▸ **Instructions for the task**: In the entries below, find the line with "#10262 = VECTOR ( 'NONE', #1051, 39.37008 ) ;" and the line with "#20962 = DIRECTION". Return those two lines and all lines between them, exactly.

======

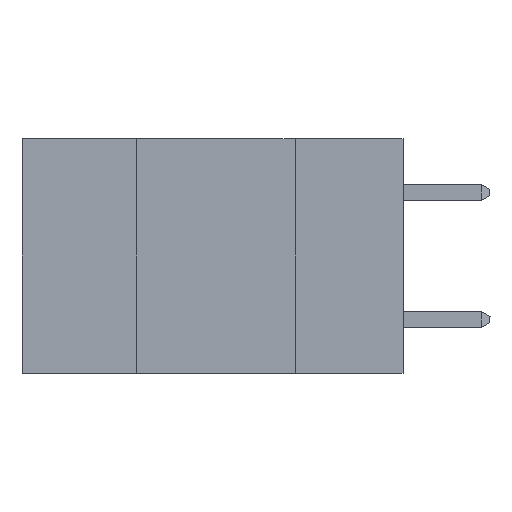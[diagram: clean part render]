
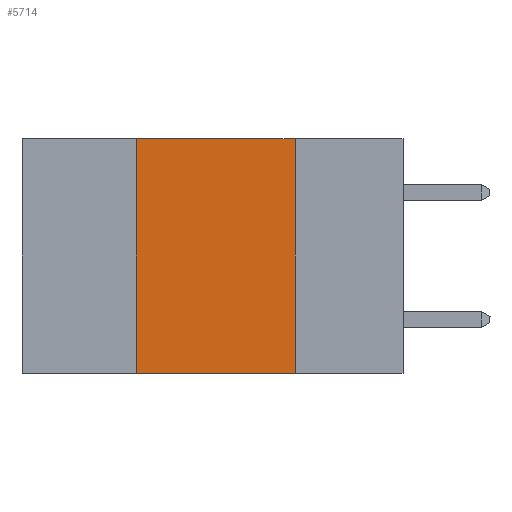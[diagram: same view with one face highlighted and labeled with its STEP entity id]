
A CAD part, left-side view. The second image highlights one B-rep face of the part: STEP entity #5714.
In plain terms, the highlighted planar face has unit normal (-1, 0, 0).
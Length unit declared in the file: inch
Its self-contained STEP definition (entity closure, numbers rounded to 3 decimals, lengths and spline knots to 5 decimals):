
#473 = ORIENTED_EDGE ( 'NONE', *, *, #12064, .T. ) ;
#1654 = EDGE_LOOP ( 'NONE', ( #9052, #15903, #18174, #473 ) ) ;
#1986 = EDGE_CURVE ( 'NONE', #14071, #4056, #4809, .T. ) ;
#2050 = DIRECTION ( 'NONE',  ( 0., 0., -1. ) ) ;
#2573 = LINE ( 'NONE', #11528, #13596 ) ;
#3661 = DIRECTION ( 'NONE',  ( 0., -1., 0. ) ) ;
#4056 = VERTEX_POINT ( 'NONE', #12691 ) ;
#4809 = LINE ( 'NONE', #5375, #20159 ) ;
#5375 = CARTESIAN_POINT ( 'NONE',  ( 0., 0.6, 0. ) ) ;
#5714 = ADVANCED_FACE ( 'NONE', ( #19509 ), #14779, .F. ) ;
#5906 = DIRECTION ( 'NONE',  ( 0., 0., 1. ) ) ;
#6699 = LINE ( 'NONE', #16634, #10486 ) ;
#6914 = CARTESIAN_POINT ( 'NONE',  ( 0., 0.17, -0.37 ) ) ;
#7022 = CARTESIAN_POINT ( 'NONE',  ( 0., 0.42, -0.37 ) ) ;
#9052 = ORIENTED_EDGE ( 'NONE', *, *, #9069, .F. ) ;
#9069 = EDGE_CURVE ( 'NONE', #4056, #20732, #2573, .T. ) ;
#9556 = LINE ( 'NONE', #18189, #17094 ) ;
#10160 = DIRECTION ( 'NONE',  ( 0., -1., 0. ) ) ;
#10486 = VECTOR ( 'NONE', #3661, 39.37008 ) ;
#11528 = CARTESIAN_POINT ( 'NONE',  ( 0., 0.17, 0. ) ) ;
#12064 = EDGE_CURVE ( 'NONE', #13088, #20732, #6699, .T. ) ;
#12691 = CARTESIAN_POINT ( 'NONE',  ( 0., 0.17, 0. ) ) ;
#13088 = VERTEX_POINT ( 'NONE', #7022 ) ;
#13408 = CARTESIAN_POINT ( 'NONE',  ( 0., 0.6, 0. ) ) ;
#13596 = VECTOR ( 'NONE', #19725, 39.37008 ) ;
#14071 = VERTEX_POINT ( 'NONE', #19407 ) ;
#14779 = PLANE ( 'NONE',  #15309 ) ;
#15309 = AXIS2_PLACEMENT_3D ( 'NONE', #13408, #16425, #2050 ) ;
#15903 = ORIENTED_EDGE ( 'NONE', *, *, #1986, .F. ) ;
#16361 = EDGE_CURVE ( 'NONE', #13088, #14071, #9556, .T. ) ;
#16425 = DIRECTION ( 'NONE',  ( 1., 0., 0. ) ) ;
#16634 = CARTESIAN_POINT ( 'NONE',  ( 0., 0.6, -0.37 ) ) ;
#17094 = VECTOR ( 'NONE', #5906, 39.37008 ) ;
#18174 = ORIENTED_EDGE ( 'NONE', *, *, #16361, .F. ) ;
#18189 = CARTESIAN_POINT ( 'NONE',  ( 0., 0.42, 0. ) ) ;
#19407 = CARTESIAN_POINT ( 'NONE',  ( 0., 0.42, 0. ) ) ;
#19509 = FACE_OUTER_BOUND ( 'NONE', #1654, .T. ) ;
#19725 = DIRECTION ( 'NONE',  ( 0., 0., -1. ) ) ;
#20159 = VECTOR ( 'NONE', #10160, 39.37008 ) ;
#20732 = VERTEX_POINT ( 'NONE', #6914 ) ;
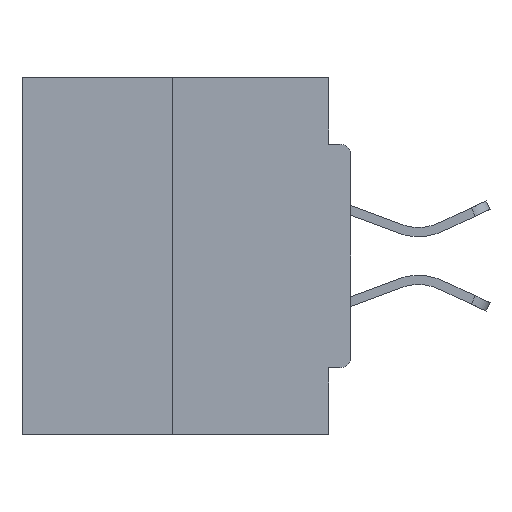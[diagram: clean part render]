
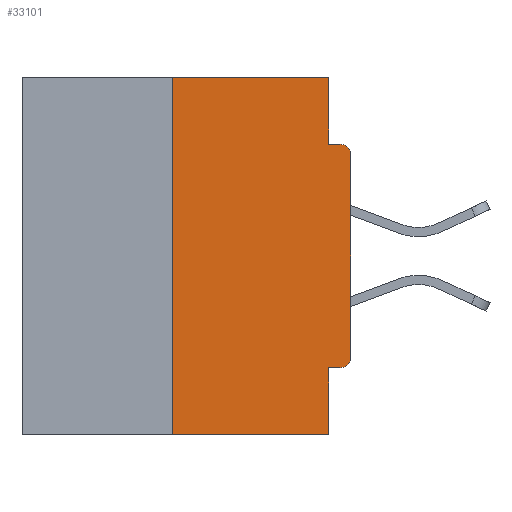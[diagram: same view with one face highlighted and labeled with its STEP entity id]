
A CAD part, left-side view. The second image highlights one B-rep face of the part: STEP entity #33101.
In plain terms, the highlighted planar face has unit normal (-1, 0, 0).
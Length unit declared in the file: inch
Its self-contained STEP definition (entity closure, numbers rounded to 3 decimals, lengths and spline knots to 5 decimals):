
#95 = DIRECTION ( 'NONE',  ( 0., 0., -1. ) ) ;
#263 = CARTESIAN_POINT ( 'NONE',  ( 0., 0.015, -0.1085 ) ) ;
#1051 = DIRECTION ( 'NONE',  ( 0., 0., -1. ) ) ;
#1440 = ORIENTED_EDGE ( 'NONE', *, *, #19593, .F. ) ;
#2120 = ORIENTED_EDGE ( 'NONE', *, *, #7811, .F. ) ;
#2648 = EDGE_CURVE ( 'NONE', #29126, #4498, #32836, .T. ) ;
#3323 = ORIENTED_EDGE ( 'NONE', *, *, #4210, .F. ) ;
#3368 = EDGE_LOOP ( 'NONE', ( #13466, #2120, #4414, #1440, #23397, #26791, #20455, #7093, #3323, #17066 ) ) ;
#3715 = CARTESIAN_POINT ( 'NONE',  ( 0., 0., -0.0935 ) ) ;
#3794 = LINE ( 'NONE', #9402, #15521 ) ;
#4210 = EDGE_CURVE ( 'NONE', #26229, #4498, #25059, .T. ) ;
#4414 = ORIENTED_EDGE ( 'NONE', *, *, #15390, .T. ) ;
#4498 = VERTEX_POINT ( 'NONE', #5080 ) ;
#4787 = VERTEX_POINT ( 'NONE', #20454 ) ;
#5080 = CARTESIAN_POINT ( 'NONE',  ( 0., 0.015, -0.0935 ) ) ;
#6077 = CARTESIAN_POINT ( 'NONE',  ( 0., 0.46, 0. ) ) ;
#6737 = CARTESIAN_POINT ( 'NONE',  ( 0., 0., -0.3915 ) ) ;
#7093 = ORIENTED_EDGE ( 'NONE', *, *, #2648, .T. ) ;
#7317 = LINE ( 'NONE', #17984, #29430 ) ;
#7811 = EDGE_CURVE ( 'NONE', #15235, #9254, #7317, .T. ) ;
#8176 = AXIS2_PLACEMENT_3D ( 'NONE', #17542, #15452, #33859 ) ;
#9254 = VERTEX_POINT ( 'NONE', #12343 ) ;
#9386 = VECTOR ( 'NONE', #16376, 39.37008 ) ;
#9402 = CARTESIAN_POINT ( 'NONE',  ( 0., 0.031, 0. ) ) ;
#9429 = LINE ( 'NONE', #24984, #10262 ) ;
#9727 = VECTOR ( 'NONE', #22507, 39.37008 ) ;
#10262 = VECTOR ( 'NONE', #1051, 39.37008 ) ;
#10644 = LINE ( 'NONE', #21276, #9386 ) ;
#10800 = VERTEX_POINT ( 'NONE', #12804 ) ;
#11058 = AXIS2_PLACEMENT_3D ( 'NONE', #6077, #17082, #25481 ) ;
#12343 = CARTESIAN_POINT ( 'NONE',  ( 0., 0.25, 0. ) ) ;
#12746 = DIRECTION ( 'NONE',  ( 0., -1., 0. ) ) ;
#12804 = CARTESIAN_POINT ( 'NONE',  ( 0., 0.031, -0.4065 ) ) ;
#13217 = VECTOR ( 'NONE', #26971, 39.37008 ) ;
#13466 = ORIENTED_EDGE ( 'NONE', *, *, #33038, .F. ) ;
#15206 = DIRECTION ( 'NONE',  ( 0., 0., 1. ) ) ;
#15235 = VERTEX_POINT ( 'NONE', #22515 ) ;
#15309 = VECTOR ( 'NONE', #20962, 39.37008 ) ;
#15390 = EDGE_CURVE ( 'NONE', #15235, #24379, #25853, .T. ) ;
#15452 = DIRECTION ( 'NONE',  ( -1., 0., 0. ) ) ;
#15521 = VECTOR ( 'NONE', #22335, 39.37008 ) ;
#16376 = DIRECTION ( 'NONE',  ( 0., -1., 0. ) ) ;
#17066 = ORIENTED_EDGE ( 'NONE', *, *, #33078, .F. ) ;
#17082 = DIRECTION ( 'NONE',  ( 1., 0., 0. ) ) ;
#17107 = CARTESIAN_POINT ( 'NONE',  ( 0., 0., -0.4065 ) ) ;
#17542 = CARTESIAN_POINT ( 'NONE',  ( 0., 0.015, -0.3915 ) ) ;
#17692 = VERTEX_POINT ( 'NONE', #29333 ) ;
#17722 = AXIS2_PLACEMENT_3D ( 'NONE', #263, #24395, #95 ) ;
#17984 = CARTESIAN_POINT ( 'NONE',  ( 0., 0.25, 0. ) ) ;
#19593 = EDGE_CURVE ( 'NONE', #10800, #24379, #9429, .T. ) ;
#19608 = EDGE_CURVE ( 'NONE', #17692, #10800, #28114, .T. ) ;
#20454 = CARTESIAN_POINT ( 'NONE',  ( 0., 0.031, 0. ) ) ;
#20455 = ORIENTED_EDGE ( 'NONE', *, *, #27882, .T. ) ;
#20962 = DIRECTION ( 'NONE',  ( 0., 0., 1. ) ) ;
#21276 = CARTESIAN_POINT ( 'NONE',  ( 0., 0.46, 0. ) ) ;
#22335 = DIRECTION ( 'NONE',  ( 0., 0., -1. ) ) ;
#22507 = DIRECTION ( 'NONE',  ( 0., 1., 0. ) ) ;
#22515 = CARTESIAN_POINT ( 'NONE',  ( 0., 0.25, -0.5 ) ) ;
#23397 = ORIENTED_EDGE ( 'NONE', *, *, #19608, .F. ) ;
#24379 = VERTEX_POINT ( 'NONE', #28670 ) ;
#24395 = DIRECTION ( 'NONE',  ( -1., 0., 0. ) ) ;
#24984 = CARTESIAN_POINT ( 'NONE',  ( 0., 0.031, -0.5 ) ) ;
#25059 = LINE ( 'NONE', #3715, #13217 ) ;
#25481 = DIRECTION ( 'NONE',  ( 0., 0., -1. ) ) ;
#25853 = LINE ( 'NONE', #31448, #31296 ) ;
#26229 = VERTEX_POINT ( 'NONE', #27649 ) ;
#26791 = ORIENTED_EDGE ( 'NONE', *, *, #32446, .T. ) ;
#26971 = DIRECTION ( 'NONE',  ( 0., -1., 0. ) ) ;
#27649 = CARTESIAN_POINT ( 'NONE',  ( 0., 0.031, -0.0935 ) ) ;
#27775 = FACE_OUTER_BOUND ( 'NONE', #3368, .T. ) ;
#27882 = EDGE_CURVE ( 'NONE', #28656, #29126, #34492, .T. ) ;
#28092 = PLANE ( 'NONE',  #11058 ) ;
#28114 = LINE ( 'NONE', #17107, #9727 ) ;
#28656 = VERTEX_POINT ( 'NONE', #6737 ) ;
#28670 = CARTESIAN_POINT ( 'NONE',  ( 0., 0.031, -0.5 ) ) ;
#29126 = VERTEX_POINT ( 'NONE', #31529 ) ;
#29333 = CARTESIAN_POINT ( 'NONE',  ( 0., 0.015, -0.4065 ) ) ;
#29430 = VECTOR ( 'NONE', #15206, 39.37008 ) ;
#31296 = VECTOR ( 'NONE', #12746, 39.37008 ) ;
#31448 = CARTESIAN_POINT ( 'NONE',  ( 0., 0.46, -0.5 ) ) ;
#31529 = CARTESIAN_POINT ( 'NONE',  ( 0., 0., -0.1085 ) ) ;
#32232 = CIRCLE ( 'NONE', #8176, 0.015 ) ;
#32446 = EDGE_CURVE ( 'NONE', #17692, #28656, #32232, .T. ) ;
#32836 = CIRCLE ( 'NONE', #17722, 0.015 ) ;
#33038 = EDGE_CURVE ( 'NONE', #9254, #4787, #10644, .T. ) ;
#33078 = EDGE_CURVE ( 'NONE', #4787, #26229, #3794, .T. ) ;
#33101 = ADVANCED_FACE ( 'NONE', ( #27775 ), #28092, .F. ) ;
#33859 = DIRECTION ( 'NONE',  ( 0., 0., -1. ) ) ;
#34308 = CARTESIAN_POINT ( 'NONE',  ( 0., 0., 0. ) ) ;
#34492 = LINE ( 'NONE', #34308, #15309 ) ;

======

▸ **Response for this exercise**:
#10262 = VECTOR ( 'NONE', #1051, 39.37008 ) ;
#10644 = LINE ( 'NONE', #21276, #9386 ) ;
#10800 = VERTEX_POINT ( 'NONE', #12804 ) ;
#11058 = AXIS2_PLACEMENT_3D ( 'NONE', #6077, #17082, #25481 ) ;
#12343 = CARTESIAN_POINT ( 'NONE',  ( 0., 0.25, 0. ) ) ;
#12746 = DIRECTION ( 'NONE',  ( 0., -1., 0. ) ) ;
#12804 = CARTESIAN_POINT ( 'NONE',  ( 0., 0.031, -0.4065 ) ) ;
#13217 = VECTOR ( 'NONE', #26971, 39.37008 ) ;
#13466 = ORIENTED_EDGE ( 'NONE', *, *, #33038, .F. ) ;
#15206 = DIRECTION ( 'NONE',  ( 0., 0., 1. ) ) ;
#15235 = VERTEX_POINT ( 'NONE', #22515 ) ;
#15309 = VECTOR ( 'NONE', #20962, 39.37008 ) ;
#15390 = EDGE_CURVE ( 'NONE', #15235, #24379, #25853, .T. ) ;
#15452 = DIRECTION ( 'NONE',  ( -1., 0., 0. ) ) ;
#15521 = VECTOR ( 'NONE', #22335, 39.37008 ) ;
#16376 = DIRECTION ( 'NONE',  ( 0., -1., 0. ) ) ;
#17066 = ORIENTED_EDGE ( 'NONE', *, *, #33078, .F. ) ;
#17082 = DIRECTION ( 'NONE',  ( 1., 0., 0. ) ) ;
#17107 = CARTESIAN_POINT ( 'NONE',  ( 0., 0., -0.4065 ) ) ;
#17542 = CARTESIAN_POINT ( 'NONE',  ( 0., 0.015, -0.3915 ) ) ;
#17692 = VERTEX_POINT ( 'NONE', #29333 ) ;
#17722 = AXIS2_PLACEMENT_3D ( 'NONE', #263, #24395, #95 ) ;
#17984 = CARTESIAN_POINT ( 'NONE',  ( 0., 0.25, 0. ) ) ;
#19593 = EDGE_CURVE ( 'NONE', #10800, #24379, #9429, .T. ) ;
#19608 = EDGE_CURVE ( 'NONE', #17692, #10800, #28114, .T. ) ;
#20454 = CARTESIAN_POINT ( 'NONE',  ( 0., 0.031, 0. ) ) ;
#20455 = ORIENTED_EDGE ( 'NONE', *, *, #27882, .T. ) ;
#20962 = DIRECTION ( 'NONE',  ( 0., 0., 1. ) ) ;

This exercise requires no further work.